Le son de cloche n’est pas très différent du côté du PTB. « Le ministre-Président Elio Di Rupo prétend que le gouvernement wallon lutte contre la pauvreté, mais c’est tout simplement faux. Hier encore, tous les partis de sa majorité – PS, MR et Ecolo – ont refusé de voter notre proposition de trêve hivernale sur les expulsions de locataires. De plus, ils refusent d’encadrer les loyers avec une grille contraignante. Or, tous les experts le disent, l’accès au logement est justement un des principaux remparts contre la pauvreté », a abondé Germain Mugemangango, chef de groupe du Parti du travail de Belgique (PTB).

Le ministre-Président Elio Di Rupo prétend que le gouvernement wallon lutte contre la pauvreté, mais c’est tout simplement faux.

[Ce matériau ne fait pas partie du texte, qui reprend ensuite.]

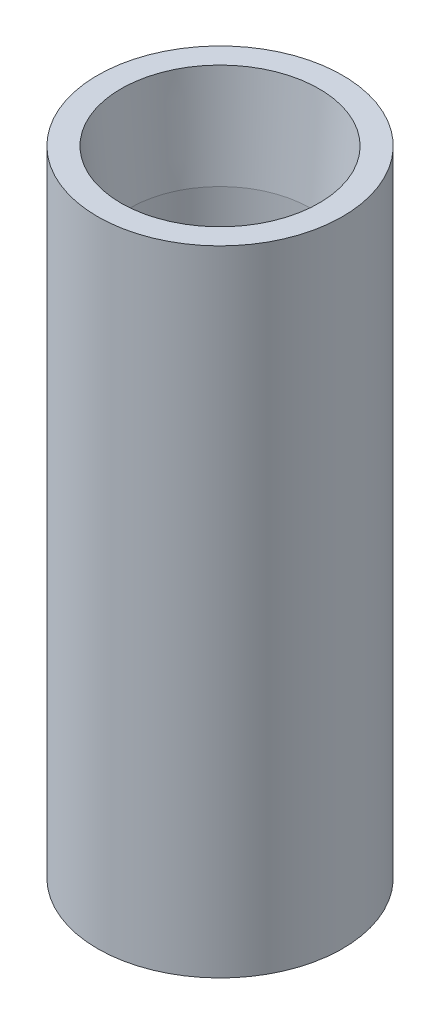
ISO-10303-21;
HEADER;
FILE_DESCRIPTION(('STEP AP214'),'2;1');
FILE_NAME('part.step','',(''),(''),'','','');
FILE_SCHEMA(('AUTOMOTIVE_DESIGN { 1 0 10303 214 1 1 1 1 }'));
ENDSEC;
DATA;
#1=APPLICATION_CONTEXT('core data for automotive mechanical design processes');
#2=APPLICATION_PROTOCOL_DEFINITION('international standard','automotive_design',2000,#1);
#3=PRODUCT_CONTEXT('',#1,'mechanical');
#4=PRODUCT('Part','Part','',(#3));
#5=PRODUCT_RELATED_PRODUCT_CATEGORY('part','',(#4));
#6=PRODUCT_DEFINITION_FORMATION('','',#4);
#7=PRODUCT_DEFINITION_CONTEXT('part definition',#1,'design');
#8=PRODUCT_DEFINITION('design','',#6,#7);
#9=PRODUCT_DEFINITION_SHAPE('','',#8);
#10=(LENGTH_UNIT() NAMED_UNIT(*) SI_UNIT(.MILLI.,.METRE.));
#11=(NAMED_UNIT(*) PLANE_ANGLE_UNIT() SI_UNIT($,.RADIAN.));
#12=(NAMED_UNIT(*) SI_UNIT($,.STERADIAN.) SOLID_ANGLE_UNIT());
#13=UNCERTAINTY_MEASURE_WITH_UNIT(LENGTH_MEASURE(1.E-05),#10,'distance_accuracy_value','');
#14=(GEOMETRIC_REPRESENTATION_CONTEXT(3) GLOBAL_UNCERTAINTY_ASSIGNED_CONTEXT((#13)) GLOBAL_UNIT_ASSIGNED_CONTEXT((#10,
#11,#12)) REPRESENTATION_CONTEXT('',''));
#15=CARTESIAN_POINT('',(0.,0.,0.));
#16=DIRECTION('',(0.,0.,1.));
#17=DIRECTION('',(1.,0.,0.));
#18=AXIS2_PLACEMENT_3D('',#15,#16,#17);
#19=CARTESIAN_POINT('',(0.,-81.28,0.));
#20=DIRECTION('',(0.,1.,0.));
#21=DIRECTION('',(0.,0.,1.));
#22=AXIS2_PLACEMENT_3D('',#19,#20,#21);
#23=CYLINDRICAL_SURFACE('',#22,15.7);
#24=CARTESIAN_POINT('',(0.,-81.28,0.));
#25=DIRECTION('',(0.,1.,0.));
#26=DIRECTION('',(0.,0.,1.));
#27=AXIS2_PLACEMENT_3D('',#24,#25,#26);
#28=CIRCLE('',#27,15.7);
#29=CARTESIAN_POINT('',(0.,-81.28,15.7));
#30=VERTEX_POINT('',#29);
#31=EDGE_CURVE('E10',#30,#30,#28,.T.);
#32=ORIENTED_EDGE('',*,*,#31,.T.);
#33=EDGE_LOOP('',(#32));
#34=FACE_BOUND('',#33,.T.);
#35=CARTESIAN_POINT('',(0.,0.,0.));
#36=DIRECTION('',(0.,1.,0.));
#37=DIRECTION('',(0.,0.,1.));
#38=AXIS2_PLACEMENT_3D('',#35,#36,#37);
#39=CIRCLE('',#38,15.7);
#40=CARTESIAN_POINT('',(0.,0.,15.7));
#41=VERTEX_POINT('',#40);
#42=EDGE_CURVE('E37',#41,#41,#39,.T.);
#43=ORIENTED_EDGE('',*,*,#42,.F.);
#44=EDGE_LOOP('',(#43));
#45=FACE_BOUND('',#44,.T.);
#46=ADVANCED_FACE('F33',(#34,#45),#23,.T.);
#47=CARTESIAN_POINT('',(0.,-81.28,0.));
#48=DIRECTION('',(0.,1.,0.));
#49=DIRECTION('',(0.,0.,1.));
#50=AXIS2_PLACEMENT_3D('',#47,#48,#49);
#51=PLANE('',#50);
#52=ORIENTED_EDGE('',*,*,#31,.F.);
#53=EDGE_LOOP('',(#52));
#54=FACE_BOUND('',#53,.T.);
#55=ADVANCED_FACE('F71',(#54),#51,.F.);
#56=CARTESIAN_POINT('',(0.,0.,0.));
#57=DIRECTION('',(0.,1.,0.));
#58=DIRECTION('',(0.,0.,1.));
#59=AXIS2_PLACEMENT_3D('',#56,#57,#58);
#60=PLANE('',#59);
#61=CARTESIAN_POINT('',(0.,0.,0.));
#62=DIRECTION('',(0.,1.,0.));
#63=DIRECTION('',(0.,0.,1.));
#64=AXIS2_PLACEMENT_3D('',#61,#62,#63);
#65=CIRCLE('',#64,12.7);
#66=CARTESIAN_POINT('',(0.,0.,12.7));
#67=VERTEX_POINT('',#66);
#68=EDGE_CURVE('E44',#67,#67,#65,.T.);
#69=ORIENTED_EDGE('',*,*,#68,.F.);
#70=EDGE_LOOP('',(#69));
#71=FACE_BOUND('',#70,.T.);
#72=ORIENTED_EDGE('',*,*,#42,.T.);
#73=EDGE_LOOP('',(#72));
#74=FACE_BOUND('',#73,.T.);
#75=ADVANCED_FACE('F35',(#71,#74),#60,.T.);
#76=CARTESIAN_POINT('',(0.,0.,0.));
#77=DIRECTION('',(0.,1.,0.));
#78=DIRECTION('',(0.,0.,1.));
#79=AXIS2_PLACEMENT_3D('',#76,#77,#78);
#80=CONICAL_SURFACE('',#79,12.7,0.0872664625997167);
#81=CARTESIAN_POINT('',(0.,-12.7,0.));
#82=DIRECTION('',(0.,1.,0.));
#83=DIRECTION('',(0.,0.,1.));
#84=AXIS2_PLACEMENT_3D('',#81,#82,#83);
#85=CIRCLE('',#84,11.5888939732208);
#86=CARTESIAN_POINT('',(0.,-12.7,11.5888939732208));
#87=VERTEX_POINT('',#86);
#88=EDGE_CURVE('E49',#87,#87,#85,.T.);
#89=ORIENTED_EDGE('',*,*,#88,.F.);
#90=EDGE_LOOP('',(#89));
#91=FACE_BOUND('',#90,.T.);
#92=ORIENTED_EDGE('',*,*,#68,.T.);
#93=EDGE_LOOP('',(#92));
#94=FACE_BOUND('',#93,.T.);
#95=ADVANCED_FACE('F60',(#91,#94),#80,.F.);
#96=CARTESIAN_POINT('',(0.,-76.2,0.));
#97=DIRECTION('',(0.,1.,0.));
#98=DIRECTION('',(0.,0.,1.));
#99=AXIS2_PLACEMENT_3D('',#96,#97,#98);
#100=CYLINDRICAL_SURFACE('',#99,11.5888939732208);
#101=CARTESIAN_POINT('',(0.,-76.2,0.));
#102=DIRECTION('',(0.,1.,0.));
#103=DIRECTION('',(0.,0.,1.));
#104=AXIS2_PLACEMENT_3D('',#101,#102,#103);
#105=CIRCLE('',#104,11.5888939732208);
#106=CARTESIAN_POINT('',(0.,-76.2,11.5888939732208));
#107=VERTEX_POINT('',#106);
#108=EDGE_CURVE('E48',#107,#107,#105,.T.);
#109=ORIENTED_EDGE('',*,*,#108,.F.);
#110=EDGE_LOOP('',(#109));
#111=FACE_BOUND('',#110,.T.);
#112=ORIENTED_EDGE('',*,*,#88,.T.);
#113=EDGE_LOOP('',(#112));
#114=FACE_BOUND('',#113,.T.);
#115=ADVANCED_FACE('F57',(#111,#114),#100,.F.);
#116=CARTESIAN_POINT('',(0.,-76.2,0.));
#117=DIRECTION('',(0.,1.,0.));
#118=DIRECTION('',(0.,0.,1.));
#119=AXIS2_PLACEMENT_3D('',#116,#117,#118);
#120=PLANE('',#119);
#121=ORIENTED_EDGE('',*,*,#108,.T.);
#122=EDGE_LOOP('',(#121));
#123=FACE_BOUND('',#122,.T.);
#124=ADVANCED_FACE('F55',(#123),#120,.T.);
#125=CLOSED_SHELL('',(#46,#55,#75,#95,#115,#124));
#126=MANIFOLD_SOLID_BREP('B2',#125);
#127=ADVANCED_BREP_SHAPE_REPRESENTATION('',(#18,#126),#14);
#128=SHAPE_DEFINITION_REPRESENTATION(#9,#127);
ENDSEC;
END-ISO-10303-21;

Il accuse Elio Di Rupo d’embellir la réalité en parlant des avancées sur le front environnemental. « En matière climatique aussi, ce gouvernement prétend prendre des mesures, mais en réalité, il punit les travailleurs pour protéger le mode de vie des ultra-riches. Au lieu de bannir des aéroports wallons les jets privés, qui ont pollué autant que 27.000 voitures en 2022, le gouvernement préfère instaurer une zone de basses émissions qui ne concernera que 17.000 voitures et touchera avant tout les travailleurs. Autrement dit, il est fort avec les faibles et faible avec les forts », poursuit-il. Avant de reprocher à Elio Di Rupo d’avoir ignoré dans son discours le point sur la mauvaise gouvernance et le train de vie de certains responsables politiques. « Cela ne surprend pas venant de quelqu’un qui ose dire à la radio que 18.000 euros pour un canapé, c’est du confort et non du luxe. Mais cela confirme, une fois de plus, la déconnexion totale entre ce gouvernement wallon et les travailleurs », conclut Germain Mugemangango.